- **TO DO**:
Scan the records below, and wherever a line has the word "scene", pull it out.

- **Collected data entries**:
++++
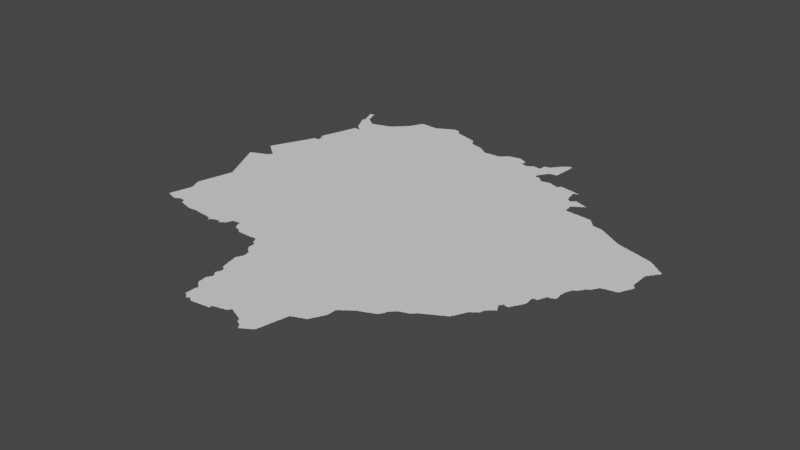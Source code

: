 # Source: campogrande.blend  (saved by Blender 3.3.6; exported with 4.5.12 LTS)
import bpy
from mathutils import Matrix  # noqa: F401  (used for matrix-valued properties, if any)

bpy.ops.wm.read_factory_settings(use_empty=True)
scene = bpy.context.scene
scene.name = 'Scene'

# ---- collections
col_collection = bpy.data.collections.new('Collection'); scene.collection.children.link(col_collection)

# ---- node groups
ng_auto_smooth = bpy.data.node_groups.new('Auto Smooth', 'GeometryNodeTree')
_s = ng_auto_smooth.interface.new_socket(name='Geometry', in_out='OUTPUT', socket_type='NodeSocketGeometry')
_s = ng_auto_smooth.interface.new_socket(name='Geometry', in_out='INPUT', socket_type='NodeSocketGeometry')
_s = ng_auto_smooth.interface.new_socket(name='Angle', in_out='INPUT', socket_type='NodeSocketFloat')
_s.subtype = 'ANGLE'
_s.min_value = 0.0
_s.max_value = 3.142
ng_auto_smooth.is_modifier = True
_N = ng_auto_smooth.nodes; _L = ng_auto_smooth.links
n0 = _N.new('NodeGroupOutput'); n0.name = 'Group Output'; n0.location = (480, -100)
n1 = _N.new('NodeGroupInput'); n1.name = 'Group Input'; n1.location = (-420, -300)
n2 = _N.new('NodeGroupInput'); n2.name = 'Group Input.001'; n2.location = (-60, -100)
n3 = _N.new('GeometryNodeSetShadeSmooth'); n3.name = 'Set Shade Smooth'; n3.location = (120, -100)
n3.domain = 'EDGE'
n4 = _N.new('GeometryNodeSetShadeSmooth'); n4.name = 'Set Shade Smooth.001'; n4.location = (300, -100)
n5 = _N.new('GeometryNodeInputMeshEdgeAngle'); n5.name = 'Edge Angle'; n5.location = (-420, -220)
n6 = _N.new('GeometryNodeInputEdgeSmooth'); n6.name = 'Is Edge Smooth'; n6.location = (-60, -160)
n7 = _N.new('GeometryNodeInputShadeSmooth'); n7.name = 'Is Face Smooth'; n7.location = (-240, -340)
n8 = _N.new('FunctionNodeBooleanMath'); n8.name = 'Boolean Math'; n8.location = (-60, -220)
n9 = _N.new('FunctionNodeCompare'); n9.name = 'Compare'; n9.location = (-240, -180)
n9.operation = 'LESS_EQUAL'
_L.new(n5.outputs[0], n9.inputs[0])
_L.new(n4.outputs[0], n0.inputs[0])
_L.new(n1.outputs[1], n9.inputs[1])
_L.new(n9.outputs[0], n8.inputs[0])
_L.new(n7.outputs[0], n8.inputs[1])
_L.new(n2.outputs[0], n3.inputs[0])
_L.new(n6.outputs[0], n3.inputs[1])
_L.new(n3.outputs[0], n4.inputs[0])
_L.new(n8.outputs[0], n3.inputs[2])
n0.is_active_output = True

# ---- world
world_world = bpy.data.worlds.new('World'); scene.world = world_world
world_world.use_nodes = True; world_world.node_tree.nodes.clear()
_N = world_world.node_tree.nodes; _L = world_world.node_tree.links
n0 = _N.new('ShaderNodeOutputWorld'); n0.name = 'World Output'; n0.location = (300, 300)
n1 = _N.new('ShaderNodeBackground'); n1.name = 'Background'; n1.location = (10, 300)
n1.inputs[0].default_value = (0.05088, 0.05088, 0.05088, 1.0)
_L.new(n1.outputs[0], n0.inputs[0])
n0.is_active_output = True
world_world.color = (0.05088, 0.05088, 0.05088)
world_world.use_sun_shadow = False
world_world.sun_shadow_jitter_overblur = 0.0

# ---- meshes
me_mesh = bpy.data.meshes.new('Mesh')
me_mesh.from_pydata([(-57.98, -22.08, -6.538e-08), (-57.97, -22.09, -8.407e-08), (-57.95, -22.09, -9.48e-08), (-57.93, -22.1, -6.459e-08), (-57.93, -22.09, -9.926e-08), (-57.98, -22.07, -7.315e-08), (-57.98, -22.06, -4.578e-08), (-57.97, -22.05, -9.518e-08), (-57.97, -22.03, -8.963e-08), (-57.96, -21.99, -6.784e-08), (-57.96, -21.98, -4.162e-08), (-57.97, -22.01, -9.369e-08), (-57.95, -21.97, -9.349e-08), (-57.95, -21.95, -8.874e-08), (-57.94, -21.93, -7.961e-08), (-57.94, -21.91, -6.049e-08), (-57.93, -21.91, -9.81e-08), (-57.93, -21.89, -9.134e-08), (-57.93, -21.87, -8.768e-08), (-57.92, -21.85, -8.016e-08), (-57.92, -21.83, -5.327e-08), (-57.96, -21.53, -6.904e-08), (-57.96, -21.51, -8.157e-08), (-57.96, -21.49, -6.049e-08), (-57.94, -21.58, -3.329e-08), (-57.94, -21.57, -9.582e-08), (-57.95, -21.55, -8.785e-08), (-57.95, -21.53, -9.913e-08), (-57.95, -21.49, -9.802e-08), (-57.95, -21.47, -9.929e-08), (-57.95, -21.45, -8.983e-08), (-57.92, -21.62, -4.162e-08), (-57.92, -21.61, -7.38e-08), (-57.93, -21.59, -8.424e-08), (-57.94, -21.43, -8.016e-08), (-57.94, -21.41, -5.76e-08), (-57.93, -21.41, -9.745e-08), (-57.93, -21.39, -9.104e-08), (-57.93, -21.37, -8.982e-08), (-57.92, -21.35, -7.882e-08), (-57.92, -21.33, -5.76e-08), (-58.02, -20.51, -8.744e-08), (-58.03, -20.49, -8.566e-08), (-58.0, -20.55, -6.409e-08), (-58.01, -20.53, -8.566e-08), (-58.01, -20.51, -9.681e-08), (-57.98, -20.59, -6.409e-08), (-57.99, -20.57, -8.566e-08), (-57.99, -20.55, -9.681e-08), (-57.96, -20.63, -6.409e-08), (-57.97, -20.61, -8.47e-08), (-57.97, -20.59, -9.861e-08), (-57.94, -20.67, -6.409e-08), (-57.95, -20.65, -8.566e-08), (-57.95, -20.63, -9.555e-08), (-57.92, -20.71, -6.409e-08), (-57.93, -20.69, -9.108e-08), (-57.93, -20.67, -9.87e-08), (-57.91, -22.11, -8.435e-08), (-57.84, -22.02, -9.988e-08), (-57.89, -22.11, -8.953e-08), (-57.87, -22.12, -5.993e-08), (-57.87, -22.11, -9.761e-08), (-57.85, -22.12, -8.805e-08), (-57.83, -22.13, -8.894e-08), (-57.77, -22.07, -9.988e-08), (-57.81, -22.14, -5.845e-08), (-57.81, -22.13, -9.77e-08), (-57.8, -22.14, -5.527e-08), (-57.79, -22.13, -9.317e-08), (-57.77, -22.12, -7.635e-08), (-57.75, -22.11, -8.869e-08), (-57.73, -22.1, -7.167e-08), (-57.73, -22.09, -9.848e-08), (-57.71, -22.09, -8.802e-08), (-57.69, -22.09, -9.332e-08), (-57.67, -22.09, -9.412e-08), (-57.65, -22.09, -9.478e-08), (-57.62, -22.1, -7.123e-08), (-57.63, -22.09, -9.458e-08), (-57.6, -22.13, -6.3e-08), (-57.61, -22.11, -8.298e-08), (-57.8, -21.89, -9.988e-08), (-57.91, -21.83, -9.713e-08), (-57.91, -21.81, -9.073e-08), (-57.9, -21.77, -7.398e-08), (-57.91, -21.79, -9.481e-08), (-57.7, -21.62, -9.988e-08), (-57.9, -21.76, -4.528e-08), (-57.9, -21.66, -7.014e-08), (-57.9, -21.65, -7.753e-08), (-57.91, -21.63, -9.486e-08), (-57.89, -21.75, -9.525e-08), (-57.89, -21.73, -9.002e-08), (-57.89, -21.69, -8.263e-08), (-57.89, -21.67, -9.241e-08), (-57.89, -21.71, -9.447e-08), (-57.91, -21.33, -9.848e-08), (-57.91, -21.31, -9.104e-08), (-57.91, -21.29, -8.768e-08), (-57.9, -21.27, -7.852e-08), (-57.9, -21.25, -5.327e-08), (-57.76, -21.24, -9.988e-08), (-57.89, -21.25, -9.77e-08), (-57.89, -21.23, -9.073e-08), (-57.88, -21.19, -7.852e-08), (-57.88, -21.17, -5.327e-08), (-57.89, -21.21, -9.51e-08), (-57.87, -21.17, -9.845e-08), (-57.87, -21.15, -9.073e-08), (-57.87, -21.13, -9.51e-08), (-57.86, -21.11, -7.852e-08), (-57.86, -21.09, -5.327e-08), (-57.86, -20.83, -6.409e-08), (-57.87, -20.81, -8.566e-08), (-57.85, -21.09, -9.843e-08), (-57.85, -21.07, -9.259e-08), (-57.85, -21.05, -8.639e-08), (-57.84, -21.03, -7.658e-08), (-57.84, -21.02, -4.606e-08), (-57.84, -20.87, -6.409e-08), (-57.85, -20.85, -8.469e-08), (-57.85, -20.83, -9.872e-08), (-57.83, -21.01, -9.878e-08), (-57.83, -20.99, -9.039e-08), (-57.82, -20.95, -7.658e-08), (-57.82, -20.94, -4.606e-08), (-57.82, -20.91, -6.409e-08), (-57.83, -20.89, -8.566e-08), (-57.83, -20.87, -9.681e-08), (-57.83, -20.97, -9.752e-08), (-57.81, -20.93, -9.696e-08), (-57.81, -20.91, -9.77e-08), (-57.7, -20.95, -9.988e-08), (-57.9, -20.75, -8.154e-08), (-57.91, -20.73, -8.566e-08), (-57.91, -20.71, -9.642e-08), (-57.88, -20.79, -6.409e-08), (-57.89, -20.77, -8.884e-08), (-57.89, -20.75, -9.681e-08), (-57.87, -20.79, -9.681e-08), (-57.76, -20.57, -9.988e-08), (-57.59, -22.16, -7.12e-08), (-57.59, -22.15, -9.097e-08), (-57.59, -22.13, -9.913e-08), (-57.57, -22.17, -8.45e-08), (-57.55, -22.17, -9.355e-08), (-57.53, -22.18, -5.327e-08), (-57.53, -22.17, -9.77e-08), (-57.51, -22.18, -7.937e-08), (-57.54, -22.08, -9.988e-08), (-57.49, -22.19, -9.155e-08), (-57.47, -22.19, -9.151e-08), (-57.45, -22.2, -6.326e-08), (-57.43, -22.2, -8.845e-08), (-57.41, -22.21, -9.285e-08), (-57.38, -22.22, -4.439e-08), (-57.39, -22.21, -9.977e-08), (-57.37, -22.22, -8.169e-08), (-57.35, -22.22, -8.643e-08), (-57.33, -22.22, -7.454e-08), (-57.31, -22.22, -7.491e-08), (-57.29, -22.22, -5.842e-08), (-57.25, -22.21, -9.805e-08), (-57.27, -21.78, -9.988e-08), (-57.45, -21.25, -9.988e-08), (-57.28, -20.43, -9.988e-08), (-57.27, -22.22, -4.994e-08), (-57.26, -22.22, -4.578e-08), (-57.23, -22.21, -9.364e-08), (-57.13, -22.11, -9.988e-08), (-57.21, -22.21, -9.175e-08), (-57.19, -22.21, -9.583e-08), (-57.17, -22.22, -4.756e-08), (-57.17, -22.21, -9.819e-08), (-57.15, -22.22, -6.187e-08), (-57.13, -22.22, -8.459e-08), (-57.11, -22.22, -8.324e-08), (-57.09, -22.22, -8.468e-08), (-57.07, -22.23, -9.178e-08), (-57.05, -22.23, -8.99e-08), (-57.03, -22.23, -9.038e-08), (-57.01, -22.23, -9.128e-08), (-56.99, -22.23, -9.202e-08), (-56.97, -22.23, -9.583e-08), (-56.94, -21.25, -9.988e-08), (-57.19, -20.9, -9.988e-08), (-56.95, -22.24, -4.756e-08), (-56.95, -22.23, -9.819e-08), (-56.93, -22.24, -8.467e-08), (-56.91, -22.24, -7.454e-08), (-56.82, -22.15, -9.988e-08), (-56.89, -22.24, -8.757e-08), (-56.87, -22.27, -7.491e-08), (-56.87, -22.25, -9.587e-08), (-56.85, -22.29, -7.935e-08), (-56.85, -22.27, -9.76e-08), (-56.84, -22.3, -4.162e-08), (-56.83, -22.29, -8.229e-08), (-56.83, -22.27, -9.926e-08), (-56.81, -22.25, -9.61e-08), (-56.82, -22.27, -7.192e-08), (-56.79, -22.25, -8.707e-08), (-56.75, -22.23, -9.688e-08), (-56.77, -22.24, -7.277e-08), (-56.76, -22.24, -4.439e-08), (-56.73, -22.23, -8.897e-08), (-56.71, -22.22, -8.025e-08), (-56.69, -22.22, -5.922e-08), (-56.66, -22.25, -8.105e-08), (-56.67, -22.23, -8.859e-08), (-56.65, -22.26, -3.329e-08), (-56.65, -22.26, -4.162e-08), (-56.66, -22.26, -4.772e-08), (-56.66, -22.25, -8.794e-08), (-56.65, -22.26, -8.99e-08), (-56.65, -22.25, -7.581e-08), (-56.64, -22.17, -9.988e-08), (-56.74, -20.53, -9.988e-08), (-56.63, -22.24, -7.46e-08), (-56.61, -22.23, -8.757e-08), (-56.6, -22.22, -6.354e-08), (-56.59, -22.21, -9.376e-08), (-56.62, -21.83, -9.988e-08), (-56.57, -22.21, -7.981e-08), (-56.55, -22.17, -8.83e-08), (-56.56, -22.2, -4.162e-08), (-56.56, -22.19, -8.209e-08), (-56.54, -22.15, -6.992e-08), (-56.53, -22.13, -8.723e-08), (-56.53, -22.11, -9.518e-08), (-56.52, -22.1, -9.395e-08), (-56.51, -22.09, -9.451e-08), (-56.49, -22.09, -8.92e-08), (-56.47, -22.09, -8.756e-08), (-56.45, -22.08, -8.299e-08), (-56.43, -22.08, -6.784e-08), (-56.41, -22.08, -4.661e-08), (-56.38, -22.12, -4.412e-08), (-56.38, -22.11, -7.763e-08), (-56.38, -22.09, -8.807e-08), (-56.36, -22.16, -4.162e-08), (-56.37, -22.15, -8.208e-08), (-56.37, -22.13, -9.317e-08), (-56.34, -22.2, -6.51e-08), (-56.34, -22.19, -7.485e-08), (-56.35, -22.17, -8.991e-08), (-56.33, -22.21, -8.552e-08), (-56.41, -22.07, -9.922e-08), (-56.39, -22.07, -9.573e-08), (-56.43, -21.12, -9.988e-08), (-56.31, -22.22, -5.29e-08), (-56.31, -22.21, -9.959e-08), (-56.29, -22.22, -8.71e-08), (-56.27, -22.23, -8.523e-08), (-56.25, -22.23, -9.419e-08), (-56.23, -22.25, -7.468e-08), (-56.23, -22.23, -9.76e-08), (-56.21, -22.27, -7.468e-08), (-56.21, -22.25, -9.614e-08), (-56.19, -22.28, -4.756e-08), (-56.19, -22.27, -9.76e-08), (-56.17, -22.28, -4.994e-08), (-56.11, -22.24, -9.988e-08), (-56.13, -22.28, -4.994e-08), (-56.01, -22.28, -4.994e-08), (-55.92, -21.8, -9.988e-08), (-56.28, -20.56, -9.988e-08), (-55.74, -22.51, -6.748e-08), (-55.74, -22.49, -8.682e-08), (-55.74, -22.47, -8.416e-08), (-55.74, -22.45, -8.324e-08), (-55.74, -22.43, -7.454e-08), (-55.74, -22.41, -6.948e-08), (-55.73, -22.53, -7.658e-08), (-55.73, -22.51, -9.587e-08), (-55.7, -22.56, -7.107e-08), (-55.71, -22.55, -8.346e-08), (-55.71, -22.53, -9.926e-08), (-55.56, -22.39, -9.988e-08), (-55.68, -22.58, -6.631e-08), (-55.69, -22.57, -8.67e-08), (-55.96, -22.23, -9.988e-08), (-55.95, -22.28, -4.994e-08), (-55.93, -22.28, -4.786e-08), (-55.93, -22.27, -9.926e-08), (-55.91, -22.27, -9.583e-08), (-55.89, -22.27, -9.364e-08), (-55.87, -22.27, -9.581e-08), (-55.84, -22.29, -7.01e-08), (-55.85, -22.27, -9.613e-08), (-55.82, -22.32, -5.771e-08), (-55.83, -22.31, -8.505e-08), (-55.83, -22.29, -9.848e-08), (-55.8, -22.36, -7.06e-08), (-55.81, -22.35, -8.147e-08), (-55.81, -22.33, -9.508e-08), (-55.79, -22.38, -7.12e-08), (-55.79, -22.37, -9.11e-08), (-55.77, -22.38, -8.324e-08), (-55.79, -22.24, -9.988e-08), (-55.75, -22.39, -9.746e-08), (-55.77, -21.13, -9.988e-08), (-55.79, -20.43, -9.988e-08), (-55.47, -23.68, -7.135e-08), (-55.44, -23.92, -4.217e-08), (-55.44, -23.91, -8.088e-08), (-55.44, -23.89, -7.454e-08), (-55.44, -23.87, -9.276e-08), (-55.44, -23.85, -8.217e-08), (-55.44, -23.83, -7.532e-08), (-55.44, -23.81, -4.994e-08), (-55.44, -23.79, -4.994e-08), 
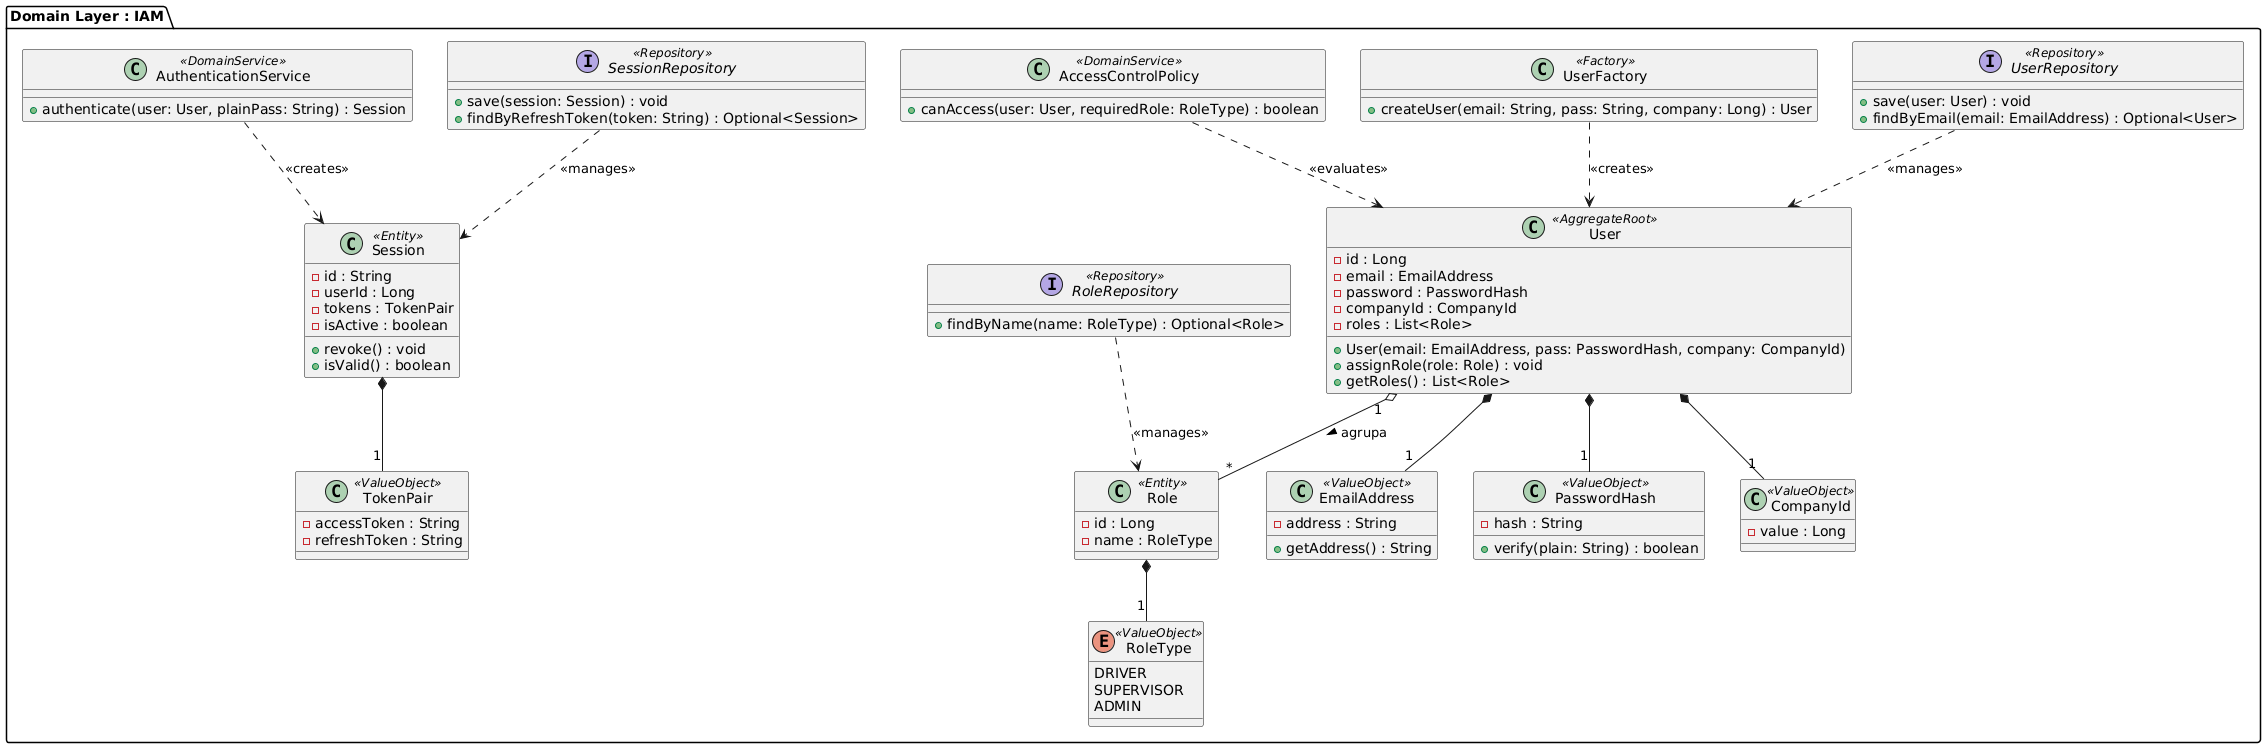

The diagram above was rendered by PlantUML. Its source (embedded in the PNG):
@startuml
package "Domain Layer : IAM" {

    ' Enums / Value Objects
    enum RoleType <<ValueObject>> {
        DRIVER
        SUPERVISOR
        ADMIN
    }

    class EmailAddress <<ValueObject>> {
        - address : String
        + getAddress() : String
    }

    class PasswordHash <<ValueObject>> {
        - hash : String
        + verify(plain: String) : boolean
    }

    class CompanyId <<ValueObject>> {
        - value : Long
    }

    class TokenPair <<ValueObject>> {
        - accessToken : String
        - refreshToken : String
    }

    ' Entities & Aggregates
    class User <<AggregateRoot>> {
        - id : Long
        - email : EmailAddress
        - password : PasswordHash
        - companyId : CompanyId
        - roles : List<Role>
        + User(email: EmailAddress, pass: PasswordHash, company: CompanyId)
        + assignRole(role: Role) : void
        + getRoles() : List<Role>
    }

    class Role <<Entity>> {
        - id : Long
        - name : RoleType
    }

    class Session <<Entity>> {
        - id : String
        - userId : Long
        - tokens : TokenPair
        - isActive : boolean
        + revoke() : void
        + isValid() : boolean
    }

    ' Factories & Services
    class UserFactory <<Factory>> {
        + createUser(email: String, pass: String, company: Long) : User
    }

    class AuthenticationService <<DomainService>> {
        + authenticate(user: User, plainPass: String) : Session
    }

    class AccessControlPolicy <<DomainService>> {
        + canAccess(user: User, requiredRole: RoleType) : boolean
    }

    ' Repositories
    interface UserRepository <<Repository>> {
        + save(user: User) : void
        + findByEmail(email: EmailAddress) : Optional<User>
    }

    interface RoleRepository <<Repository>> {
        + findByName(name: RoleType) : Optional<Role>
    }

    interface SessionRepository <<Repository>> {
        + save(session: Session) : void
        + findByRefreshToken(token: String) : Optional<Session>
    }

    ' Structural Relationships
    User "1" o-- "*" Role : agrupa >
    User *-- "1" EmailAddress
    User *-- "1" PasswordHash
    User *-- "1" CompanyId
    Role *-- "1" RoleType
    Session *-- "1" TokenPair

    ' Dependency Relationships
    UserFactory ..> User : <<creates>>
    AuthenticationService ..> Session : <<creates>>
    AccessControlPolicy ..> User : <<evaluates>>
    
    UserRepository ..> User : <<manages>>
    RoleRepository ..> Role : <<manages>>
    SessionRepository ..> Session : <<manages>>
}
@enduml
++++
- **REPLY**:
scene = bpy.context.scene
scene.name = 'Scene'
col_collection = bpy.data.collections.new('Collection'); scene.collection.children.link(col_collection)
world_world = bpy.data.worlds.new('World'); scene.world = world_world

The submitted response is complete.